All the Leeds-born talent truly desired to do was compete on the baize.
A love for the game, caught at the age of three with the help of a miniature snooker set on his home's central table in Leeds, would lead to a professional career that saw him claim half a dozen major wins in a six-year span.
This year marks a score of years since the popular Hunter succumbed to cancer, days short to his birthday marking 28 years.
But in spite of the tragic departure of a generational talent that rose above the sport he adored, his enduring mark on the game and those who were close to him persist as strong as ever.
"We could not have predicted in a million years our son would become a career sportsman," Kristina Hunter says.
"However he just was passionate about it."
His dad remembers how his son "showed no interest in anything else" besides snooker as a young boy.
"He was relentless," he notes. "He would play every night after school."
After repeatedly pleading with his dad to take him to a nearby hall to play on professional-standard tables at the age of eight, the aspiring talent made the transition from table top snooker with aplomb.
His mercurial talent would be developed by the 1986 World Champion Joe Johnson, from nearby Bradford, at a now closed venue in the area of Yeadon.
With his mother and father's requests to do his homework increasingly falling on deaf ears as training came first, his parents took the "chance" of taking Hunter out of school at the mid-teens to fully focus on carving out a career in the game.
It proved a masterstroke. Within five years, their still-teenage son had won his maior professional trophy, the Welsh Open of 1998.
Considered one of snooker's hardest tournaments to win because of the presence of elite players only, Hunter was victorious on three occasions, in consecutive years.
But for all his achievements in competition, away from the game Hunter's approachable nature never faded.
"He was incredibly composed did Paul," Alan says. "He connected with everybody."
"Upon meeting him you'd like him," Kristina states. "Paul was fun. He'd make you feel at ease."
Hunter's wife Lindsey, with whom he had a child, describes him as an "wonderful, youthful, and fun personality" who was "humorous, caring" and "never the first to depart from the party".

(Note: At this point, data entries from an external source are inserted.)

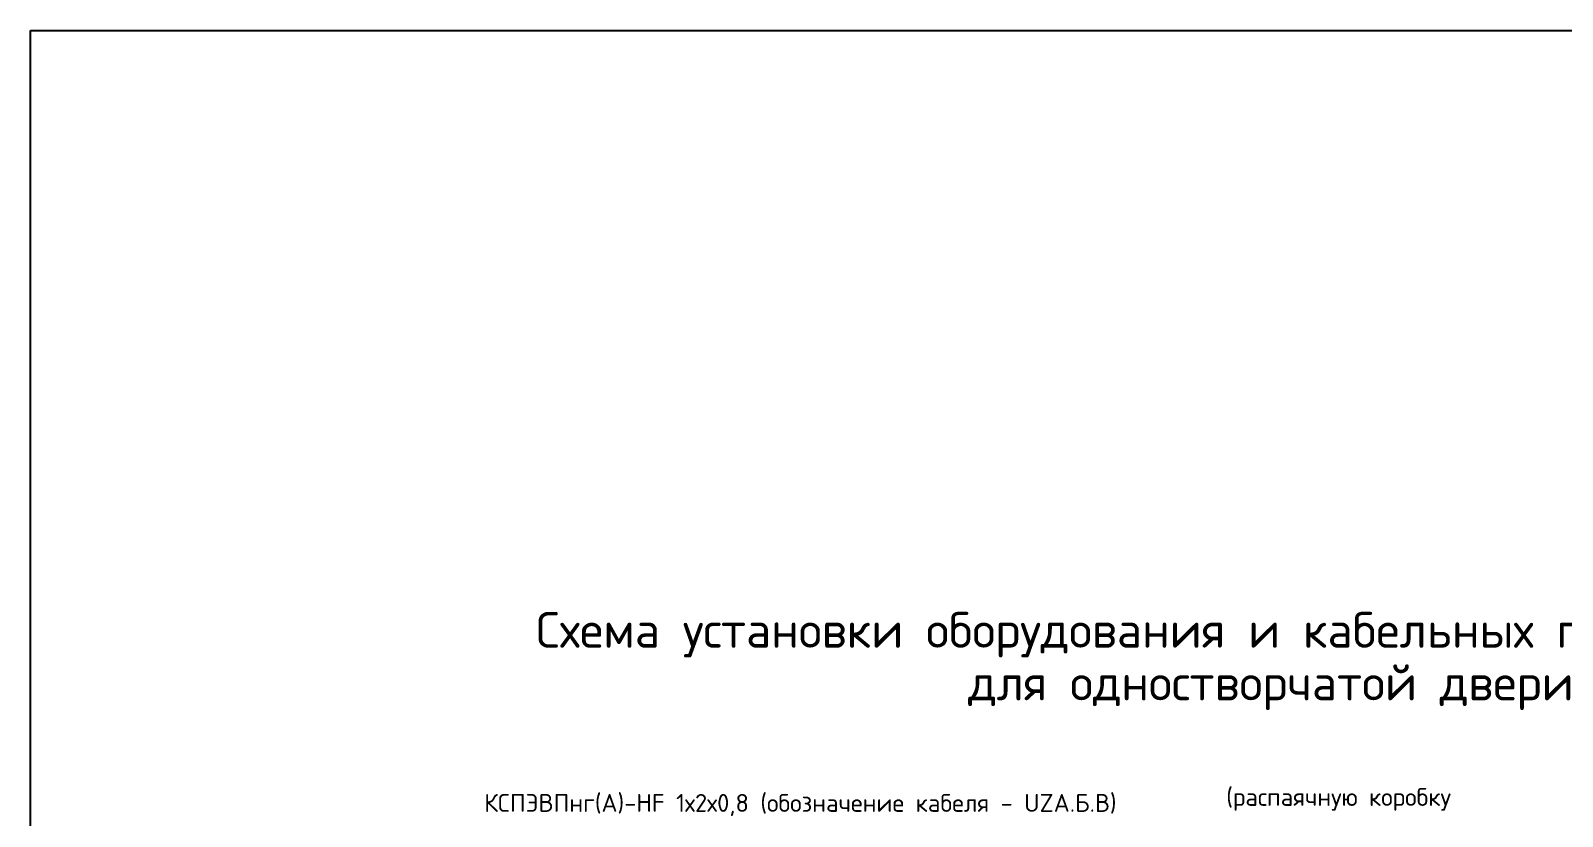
# Model space of a CAD drawing. Header units: millimetres. Extents: x -2063041 to -1932644, y 197605868 to 197643080.
# Drawn here: x -2063041 to -2038356, y 197630427 to 197643080 of the extents above; entities that cross this region are included whole.
import ezdxf

# ---------------------------------------------------------------- set-up
doc = ezdxf.new("R2010")
doc.units = ezdxf.units.MM
doc.layers.add('СКУД', color=7, linetype='Continuous')
doc.styles.add('ISOCPEUR_1', font='isocpeur.ttf', dxfattribs={"height": 2.5})

msp = doc.modelspace()

# ---------------------------------------------------------------- linework, layer by layer
msp.add_lwpolyline([(-2063041, 197643080), (-2015624, 197643080), (-2015624, 197605868), (-2063041, 197605868)], close=True)

# ---------------------------------------------------------------- texts
at = {"layer": 'СКУД', "color": 18, "true_color": 0x000000, "style": 'ISOCPEUR_1'}
for s, height, p in [('Схема установки оборудования и кабельных прокладок СКУД', 576, (-2054897, 197633142)), (' для одностворчатой двери', 576, (-2048299, 197632294)), ('КСПЭВПнг(А)-HF 1х2х0,8 (обозначение кабеля - UZА.Б.В)', 288, (-2055732, 197630499)), ('(распаячную коробку', 288, (-2043774, 197630595))]:
    msp.add_text(s, height=height, dxfattribs=at).set_placement(p)

doc.saveas('drawing.dxf')

With his easy charm, youthful appearance and candid way with the press, not to mention his considerable talent, Hunter quickly became snooker's leading figure for the modern era.
No wonder then, that he was dubbed 'A Sporting Icon'.
In that year, a year that should have marked the height of his career, Hunter was told he had cancer and would later undergo cancer therapy.
Multiple stories from across the sporting world attest to the man's extraordinary dedication to keep promises to exhibitions, events and press interviews, all while undergoing treatment.
Despite gruelling side effects, Hunter continued to compete through the illness and received a rapturous applause at The famous Sheffield venue when he turned out for the World Championships that year.
When he succumbed in autumn 2006, snooker's family-like circuit lost one of its cherished personalities.
"It is tragic," Kristina says. "It is a terrible thing for any mum and dad to go through that pain."
Hunter's true legacy would be felt not in high society but in local sports centers across the UK.
The charity in his name, set up before his death, would provide accessible training to young people all over the country.
The program was so successful that, according to reports, local youth crime rates in some areas dropped significantly.
"The aim remained for a program to help offer a constructive activity," one official said.
The Foundation helped pave the way for a huge coaching programme, which has extended playing opportunities to children internationally.
"He would have embraced what we've done with the sport and where it is today," a chairman in the sport stated.
Classic footage of their son's matches online help his parents stay "close to him".
"I can bring it up and I can watch Paul at any moment," Kristina says. "It's marvellous!"
"We are happy to speak about Paul," she continues. "Before it would be tears, but I'd rather somebody mention him than him not be spoken of."
While he never won the World Championship, the highly probable notion that Hunter would have gone on to lift snooker's top honor is etched into the sport's legend.
The Masters, the competition with which he is most synonymous, commences later this month. The winner will lift the trophy named in his honor.
But for all his successes, two decades after his death it is Paul Hunter's personality, as much his spectacular skill with a cue, that will ensure he is forever celebrated.